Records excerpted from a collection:
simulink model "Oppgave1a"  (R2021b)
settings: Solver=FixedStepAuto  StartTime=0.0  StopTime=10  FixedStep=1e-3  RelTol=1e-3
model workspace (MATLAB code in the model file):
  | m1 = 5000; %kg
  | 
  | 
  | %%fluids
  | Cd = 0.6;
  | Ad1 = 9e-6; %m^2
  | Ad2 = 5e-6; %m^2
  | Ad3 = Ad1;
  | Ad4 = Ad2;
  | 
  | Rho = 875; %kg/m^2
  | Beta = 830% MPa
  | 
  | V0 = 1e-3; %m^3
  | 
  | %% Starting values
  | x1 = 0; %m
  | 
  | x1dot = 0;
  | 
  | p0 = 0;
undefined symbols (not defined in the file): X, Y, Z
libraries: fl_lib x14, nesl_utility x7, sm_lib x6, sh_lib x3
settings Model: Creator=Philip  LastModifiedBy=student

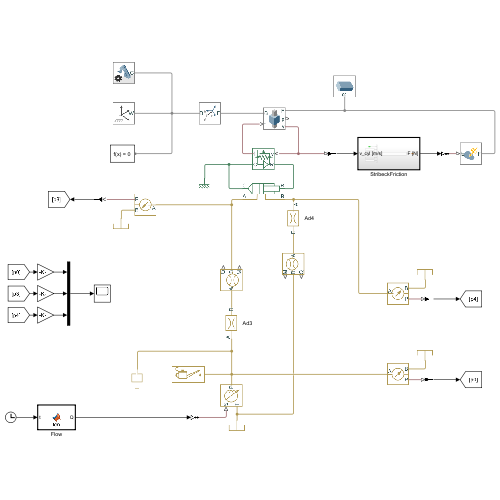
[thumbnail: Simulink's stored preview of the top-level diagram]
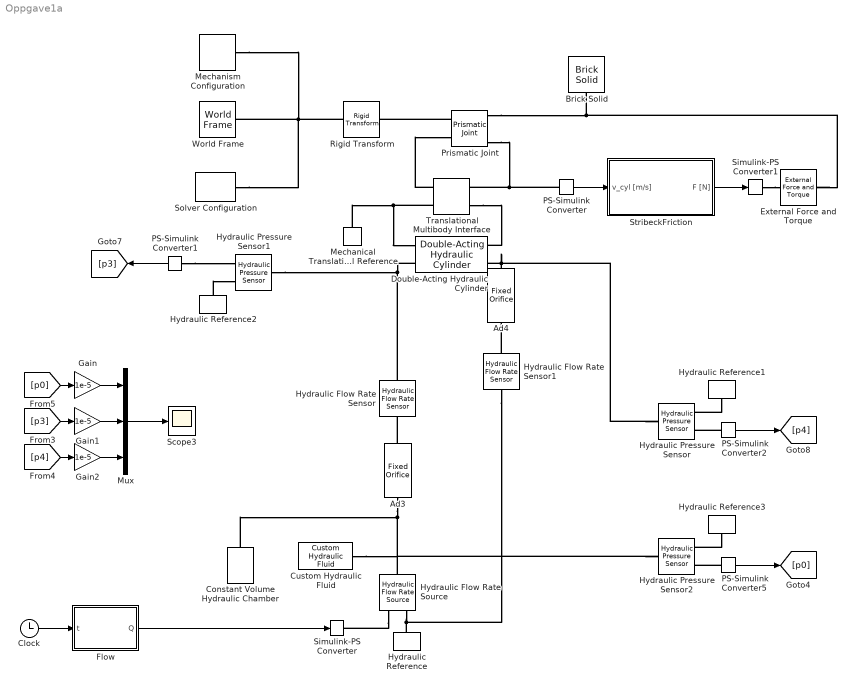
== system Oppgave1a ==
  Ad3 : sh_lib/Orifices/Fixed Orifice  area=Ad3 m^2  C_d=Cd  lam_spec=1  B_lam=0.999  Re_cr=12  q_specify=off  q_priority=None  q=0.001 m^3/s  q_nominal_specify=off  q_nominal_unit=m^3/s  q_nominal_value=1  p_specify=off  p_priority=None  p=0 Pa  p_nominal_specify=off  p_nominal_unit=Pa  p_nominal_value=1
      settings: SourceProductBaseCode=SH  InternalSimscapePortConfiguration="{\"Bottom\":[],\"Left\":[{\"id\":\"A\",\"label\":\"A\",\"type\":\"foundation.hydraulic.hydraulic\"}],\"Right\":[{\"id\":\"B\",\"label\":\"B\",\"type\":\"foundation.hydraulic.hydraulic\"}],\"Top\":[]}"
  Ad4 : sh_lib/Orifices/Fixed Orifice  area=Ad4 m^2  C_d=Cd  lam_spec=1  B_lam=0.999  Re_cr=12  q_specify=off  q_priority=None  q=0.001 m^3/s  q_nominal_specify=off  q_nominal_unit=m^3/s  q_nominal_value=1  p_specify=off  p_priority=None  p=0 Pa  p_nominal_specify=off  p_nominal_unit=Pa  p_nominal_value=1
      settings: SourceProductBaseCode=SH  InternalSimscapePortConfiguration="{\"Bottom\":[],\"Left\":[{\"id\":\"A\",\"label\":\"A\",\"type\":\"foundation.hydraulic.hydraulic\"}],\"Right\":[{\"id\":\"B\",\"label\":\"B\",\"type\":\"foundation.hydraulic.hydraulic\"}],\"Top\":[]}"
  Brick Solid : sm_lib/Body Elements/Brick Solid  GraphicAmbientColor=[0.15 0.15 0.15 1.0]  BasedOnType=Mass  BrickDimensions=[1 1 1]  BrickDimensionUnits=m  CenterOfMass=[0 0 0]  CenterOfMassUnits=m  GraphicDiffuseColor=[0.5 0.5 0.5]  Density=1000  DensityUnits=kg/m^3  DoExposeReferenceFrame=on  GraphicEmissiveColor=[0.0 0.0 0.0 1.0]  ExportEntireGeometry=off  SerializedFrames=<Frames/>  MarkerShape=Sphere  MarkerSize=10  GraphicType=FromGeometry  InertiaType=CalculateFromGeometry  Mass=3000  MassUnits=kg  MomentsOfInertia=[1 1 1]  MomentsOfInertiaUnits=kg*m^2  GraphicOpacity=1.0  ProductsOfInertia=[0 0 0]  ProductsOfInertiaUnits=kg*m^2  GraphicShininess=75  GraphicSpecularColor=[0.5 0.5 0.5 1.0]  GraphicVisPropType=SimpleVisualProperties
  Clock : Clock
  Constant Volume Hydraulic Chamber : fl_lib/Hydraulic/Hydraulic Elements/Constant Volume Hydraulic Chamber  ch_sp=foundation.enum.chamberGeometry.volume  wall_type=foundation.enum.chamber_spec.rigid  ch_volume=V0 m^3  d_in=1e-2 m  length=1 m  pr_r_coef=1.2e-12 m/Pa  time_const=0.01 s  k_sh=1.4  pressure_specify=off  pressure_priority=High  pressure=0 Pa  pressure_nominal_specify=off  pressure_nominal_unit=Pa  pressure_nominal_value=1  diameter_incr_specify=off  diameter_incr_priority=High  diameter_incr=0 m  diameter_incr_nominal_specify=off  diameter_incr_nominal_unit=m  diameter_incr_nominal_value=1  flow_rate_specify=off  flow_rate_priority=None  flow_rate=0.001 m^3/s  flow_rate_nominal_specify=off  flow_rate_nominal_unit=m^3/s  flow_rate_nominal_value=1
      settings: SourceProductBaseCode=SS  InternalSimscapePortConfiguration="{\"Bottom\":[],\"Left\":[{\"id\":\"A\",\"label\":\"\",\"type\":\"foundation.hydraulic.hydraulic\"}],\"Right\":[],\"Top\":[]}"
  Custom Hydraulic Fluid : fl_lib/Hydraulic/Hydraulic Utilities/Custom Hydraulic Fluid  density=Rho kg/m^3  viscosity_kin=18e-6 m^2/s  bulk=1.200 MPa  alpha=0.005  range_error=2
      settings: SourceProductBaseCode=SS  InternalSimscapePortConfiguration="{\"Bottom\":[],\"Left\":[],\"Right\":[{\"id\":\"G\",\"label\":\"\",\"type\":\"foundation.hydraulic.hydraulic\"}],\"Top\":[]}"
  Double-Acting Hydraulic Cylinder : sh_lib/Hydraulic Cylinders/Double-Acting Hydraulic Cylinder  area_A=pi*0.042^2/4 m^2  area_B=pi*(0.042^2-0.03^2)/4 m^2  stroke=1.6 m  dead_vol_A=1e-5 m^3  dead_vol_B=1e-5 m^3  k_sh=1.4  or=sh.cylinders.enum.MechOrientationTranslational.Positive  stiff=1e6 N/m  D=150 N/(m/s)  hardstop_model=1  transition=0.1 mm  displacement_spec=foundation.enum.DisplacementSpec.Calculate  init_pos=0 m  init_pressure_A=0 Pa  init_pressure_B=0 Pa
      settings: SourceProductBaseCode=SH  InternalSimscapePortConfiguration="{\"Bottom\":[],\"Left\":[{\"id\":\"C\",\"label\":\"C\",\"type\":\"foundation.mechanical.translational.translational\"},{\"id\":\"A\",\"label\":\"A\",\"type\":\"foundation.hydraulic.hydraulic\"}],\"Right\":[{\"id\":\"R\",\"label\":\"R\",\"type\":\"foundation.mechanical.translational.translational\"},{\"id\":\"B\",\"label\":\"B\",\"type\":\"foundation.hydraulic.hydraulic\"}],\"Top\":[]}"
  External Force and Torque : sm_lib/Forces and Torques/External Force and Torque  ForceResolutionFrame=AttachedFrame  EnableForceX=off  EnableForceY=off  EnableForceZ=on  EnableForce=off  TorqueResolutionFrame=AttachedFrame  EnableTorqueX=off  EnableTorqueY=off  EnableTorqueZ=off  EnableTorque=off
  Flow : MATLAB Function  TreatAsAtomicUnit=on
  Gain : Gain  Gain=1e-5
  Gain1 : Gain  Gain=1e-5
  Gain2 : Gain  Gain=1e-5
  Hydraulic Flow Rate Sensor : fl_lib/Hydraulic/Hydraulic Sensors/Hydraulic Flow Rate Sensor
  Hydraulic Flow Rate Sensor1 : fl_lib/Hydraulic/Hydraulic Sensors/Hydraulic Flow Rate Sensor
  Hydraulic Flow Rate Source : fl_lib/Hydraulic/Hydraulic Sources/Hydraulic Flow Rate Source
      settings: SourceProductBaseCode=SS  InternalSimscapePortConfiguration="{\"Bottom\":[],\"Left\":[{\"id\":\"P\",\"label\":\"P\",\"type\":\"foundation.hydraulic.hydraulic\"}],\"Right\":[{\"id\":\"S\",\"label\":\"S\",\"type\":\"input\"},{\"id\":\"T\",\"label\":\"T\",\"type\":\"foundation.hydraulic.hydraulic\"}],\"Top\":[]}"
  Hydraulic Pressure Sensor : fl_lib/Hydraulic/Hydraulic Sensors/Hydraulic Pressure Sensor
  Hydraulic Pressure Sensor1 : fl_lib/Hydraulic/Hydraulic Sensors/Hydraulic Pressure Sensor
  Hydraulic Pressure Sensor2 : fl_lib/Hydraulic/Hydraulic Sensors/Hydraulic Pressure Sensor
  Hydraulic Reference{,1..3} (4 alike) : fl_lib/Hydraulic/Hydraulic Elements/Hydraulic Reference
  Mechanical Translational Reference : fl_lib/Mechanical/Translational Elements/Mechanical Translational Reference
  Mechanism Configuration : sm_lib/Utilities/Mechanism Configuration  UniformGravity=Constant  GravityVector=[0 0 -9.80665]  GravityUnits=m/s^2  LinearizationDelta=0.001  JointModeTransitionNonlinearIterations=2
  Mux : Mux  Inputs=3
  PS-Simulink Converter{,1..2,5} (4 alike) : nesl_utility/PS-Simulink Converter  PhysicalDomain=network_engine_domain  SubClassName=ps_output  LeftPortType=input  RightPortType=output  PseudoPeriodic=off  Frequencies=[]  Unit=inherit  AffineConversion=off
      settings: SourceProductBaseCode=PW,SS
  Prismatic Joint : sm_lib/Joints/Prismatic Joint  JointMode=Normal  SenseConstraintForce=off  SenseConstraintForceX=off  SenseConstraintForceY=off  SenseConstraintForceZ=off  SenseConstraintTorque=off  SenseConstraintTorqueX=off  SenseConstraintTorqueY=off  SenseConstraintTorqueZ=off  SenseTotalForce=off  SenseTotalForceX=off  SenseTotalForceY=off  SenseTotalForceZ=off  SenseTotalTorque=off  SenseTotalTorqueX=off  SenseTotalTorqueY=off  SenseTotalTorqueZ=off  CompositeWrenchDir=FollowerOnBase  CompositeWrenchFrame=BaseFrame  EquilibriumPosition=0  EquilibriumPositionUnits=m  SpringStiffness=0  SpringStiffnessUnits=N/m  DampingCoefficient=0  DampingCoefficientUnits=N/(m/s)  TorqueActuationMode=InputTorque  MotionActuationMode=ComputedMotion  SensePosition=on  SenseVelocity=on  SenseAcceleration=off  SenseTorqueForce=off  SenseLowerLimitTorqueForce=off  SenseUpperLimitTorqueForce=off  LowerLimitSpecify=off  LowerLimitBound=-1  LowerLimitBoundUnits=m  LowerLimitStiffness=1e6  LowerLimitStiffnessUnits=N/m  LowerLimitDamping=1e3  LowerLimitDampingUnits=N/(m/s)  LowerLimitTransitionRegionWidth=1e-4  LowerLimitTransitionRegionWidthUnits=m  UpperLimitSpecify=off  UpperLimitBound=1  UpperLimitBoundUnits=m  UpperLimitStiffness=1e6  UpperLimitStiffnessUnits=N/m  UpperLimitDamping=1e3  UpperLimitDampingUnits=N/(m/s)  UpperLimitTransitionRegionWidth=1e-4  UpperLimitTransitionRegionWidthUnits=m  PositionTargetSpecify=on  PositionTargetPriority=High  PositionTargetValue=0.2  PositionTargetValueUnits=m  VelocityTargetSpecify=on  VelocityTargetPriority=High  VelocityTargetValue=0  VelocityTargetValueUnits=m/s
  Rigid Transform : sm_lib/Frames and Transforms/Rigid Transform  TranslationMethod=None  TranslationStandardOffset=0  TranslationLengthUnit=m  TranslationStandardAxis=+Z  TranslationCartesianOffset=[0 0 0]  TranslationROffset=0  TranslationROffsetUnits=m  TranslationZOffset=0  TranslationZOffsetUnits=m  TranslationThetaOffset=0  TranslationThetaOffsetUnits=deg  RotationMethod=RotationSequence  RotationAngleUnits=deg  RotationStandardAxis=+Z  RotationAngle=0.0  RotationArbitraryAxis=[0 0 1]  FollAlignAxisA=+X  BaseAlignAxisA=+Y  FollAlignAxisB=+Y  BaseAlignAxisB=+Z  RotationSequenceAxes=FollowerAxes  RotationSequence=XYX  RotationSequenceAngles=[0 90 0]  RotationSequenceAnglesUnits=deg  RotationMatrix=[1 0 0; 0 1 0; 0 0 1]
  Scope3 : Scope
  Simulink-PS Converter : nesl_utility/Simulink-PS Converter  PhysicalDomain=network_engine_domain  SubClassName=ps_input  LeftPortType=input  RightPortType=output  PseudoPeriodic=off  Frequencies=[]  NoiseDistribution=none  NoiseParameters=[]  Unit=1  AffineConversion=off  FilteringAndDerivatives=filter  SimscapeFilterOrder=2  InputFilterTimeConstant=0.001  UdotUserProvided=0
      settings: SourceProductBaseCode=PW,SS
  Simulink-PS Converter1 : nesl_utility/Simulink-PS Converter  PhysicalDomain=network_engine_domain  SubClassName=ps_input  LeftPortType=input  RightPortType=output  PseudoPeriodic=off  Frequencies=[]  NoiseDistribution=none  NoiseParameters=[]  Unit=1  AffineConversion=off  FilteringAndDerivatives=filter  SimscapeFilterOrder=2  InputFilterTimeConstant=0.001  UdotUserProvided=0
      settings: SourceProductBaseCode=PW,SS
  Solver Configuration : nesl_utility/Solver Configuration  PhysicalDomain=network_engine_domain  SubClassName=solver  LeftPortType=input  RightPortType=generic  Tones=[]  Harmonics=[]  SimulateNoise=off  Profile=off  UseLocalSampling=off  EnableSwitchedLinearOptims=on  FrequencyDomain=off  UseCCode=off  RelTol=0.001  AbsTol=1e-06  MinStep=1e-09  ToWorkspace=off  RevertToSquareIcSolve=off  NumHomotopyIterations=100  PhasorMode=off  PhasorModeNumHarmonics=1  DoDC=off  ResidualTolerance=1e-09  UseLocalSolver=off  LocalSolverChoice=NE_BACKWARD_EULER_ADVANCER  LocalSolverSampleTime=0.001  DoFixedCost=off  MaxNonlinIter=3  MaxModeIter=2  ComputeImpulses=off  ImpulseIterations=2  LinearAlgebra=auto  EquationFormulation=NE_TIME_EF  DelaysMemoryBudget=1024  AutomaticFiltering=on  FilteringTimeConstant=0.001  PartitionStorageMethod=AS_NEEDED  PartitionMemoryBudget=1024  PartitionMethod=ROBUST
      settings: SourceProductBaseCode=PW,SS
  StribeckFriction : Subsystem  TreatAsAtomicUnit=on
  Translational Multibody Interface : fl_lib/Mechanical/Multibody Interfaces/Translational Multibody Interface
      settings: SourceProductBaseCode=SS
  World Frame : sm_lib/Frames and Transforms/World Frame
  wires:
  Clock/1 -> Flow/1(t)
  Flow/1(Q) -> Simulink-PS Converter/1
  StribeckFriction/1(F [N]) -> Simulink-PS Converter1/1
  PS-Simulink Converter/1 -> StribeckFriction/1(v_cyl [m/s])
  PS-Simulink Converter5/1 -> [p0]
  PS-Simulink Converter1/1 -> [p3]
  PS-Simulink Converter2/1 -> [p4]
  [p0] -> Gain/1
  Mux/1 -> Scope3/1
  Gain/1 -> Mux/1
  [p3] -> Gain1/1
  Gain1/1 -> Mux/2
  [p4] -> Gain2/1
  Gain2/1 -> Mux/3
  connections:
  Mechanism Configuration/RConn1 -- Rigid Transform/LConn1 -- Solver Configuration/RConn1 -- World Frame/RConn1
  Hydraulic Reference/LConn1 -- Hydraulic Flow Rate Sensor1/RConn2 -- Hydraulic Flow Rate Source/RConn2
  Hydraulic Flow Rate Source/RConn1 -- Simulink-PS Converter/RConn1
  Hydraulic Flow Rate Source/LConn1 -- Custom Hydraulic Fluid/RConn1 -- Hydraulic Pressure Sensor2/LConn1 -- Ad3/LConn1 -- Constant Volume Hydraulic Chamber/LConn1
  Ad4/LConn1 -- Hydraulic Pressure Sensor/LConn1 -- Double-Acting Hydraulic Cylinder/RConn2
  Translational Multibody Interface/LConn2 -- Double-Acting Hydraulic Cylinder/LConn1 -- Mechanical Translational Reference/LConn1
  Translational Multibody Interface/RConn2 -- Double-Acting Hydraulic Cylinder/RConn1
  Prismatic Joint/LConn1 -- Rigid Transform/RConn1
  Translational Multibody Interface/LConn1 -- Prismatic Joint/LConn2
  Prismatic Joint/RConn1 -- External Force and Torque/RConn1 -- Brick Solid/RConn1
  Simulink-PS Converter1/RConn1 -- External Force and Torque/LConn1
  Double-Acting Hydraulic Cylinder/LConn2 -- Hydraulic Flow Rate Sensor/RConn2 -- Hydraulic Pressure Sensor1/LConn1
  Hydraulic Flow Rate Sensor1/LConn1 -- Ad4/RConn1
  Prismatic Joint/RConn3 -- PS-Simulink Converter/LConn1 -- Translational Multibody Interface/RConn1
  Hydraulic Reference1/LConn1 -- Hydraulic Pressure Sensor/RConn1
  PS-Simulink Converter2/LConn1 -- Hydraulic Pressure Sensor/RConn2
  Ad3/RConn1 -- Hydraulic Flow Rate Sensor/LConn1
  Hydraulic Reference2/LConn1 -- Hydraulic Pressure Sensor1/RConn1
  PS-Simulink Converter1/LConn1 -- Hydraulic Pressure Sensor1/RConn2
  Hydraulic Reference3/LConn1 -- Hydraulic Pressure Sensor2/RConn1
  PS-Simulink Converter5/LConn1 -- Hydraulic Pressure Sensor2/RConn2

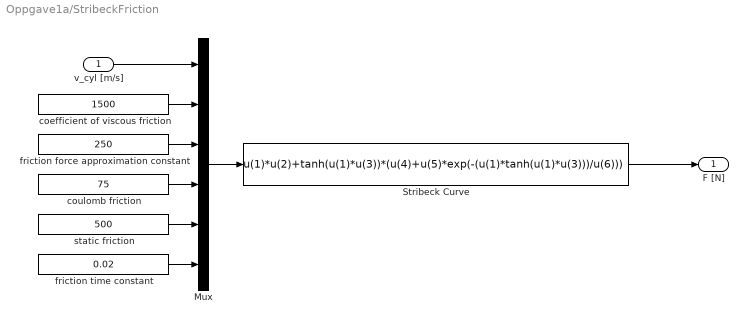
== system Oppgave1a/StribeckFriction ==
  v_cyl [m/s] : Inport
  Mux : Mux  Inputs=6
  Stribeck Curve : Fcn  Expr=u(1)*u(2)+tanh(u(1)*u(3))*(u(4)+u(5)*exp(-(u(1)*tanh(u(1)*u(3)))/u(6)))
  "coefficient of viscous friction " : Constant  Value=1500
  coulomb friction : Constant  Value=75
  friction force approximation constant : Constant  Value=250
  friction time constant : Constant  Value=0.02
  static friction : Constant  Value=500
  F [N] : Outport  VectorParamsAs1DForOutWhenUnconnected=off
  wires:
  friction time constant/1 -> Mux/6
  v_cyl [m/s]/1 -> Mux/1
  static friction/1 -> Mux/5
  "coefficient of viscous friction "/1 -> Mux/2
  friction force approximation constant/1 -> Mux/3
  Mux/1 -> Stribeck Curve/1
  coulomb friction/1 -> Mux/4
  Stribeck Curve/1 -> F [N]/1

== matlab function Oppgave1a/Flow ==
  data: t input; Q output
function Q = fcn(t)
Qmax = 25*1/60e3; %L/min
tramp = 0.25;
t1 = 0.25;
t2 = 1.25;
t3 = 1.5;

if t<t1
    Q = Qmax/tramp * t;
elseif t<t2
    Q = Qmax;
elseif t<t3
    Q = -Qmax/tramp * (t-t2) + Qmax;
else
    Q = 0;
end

→ TASK DIRECTIONS:
Counting only lines that hold the word "Curve", state how many there are in the data. Write the number alone.

→ EXERCISE ANSWER:
3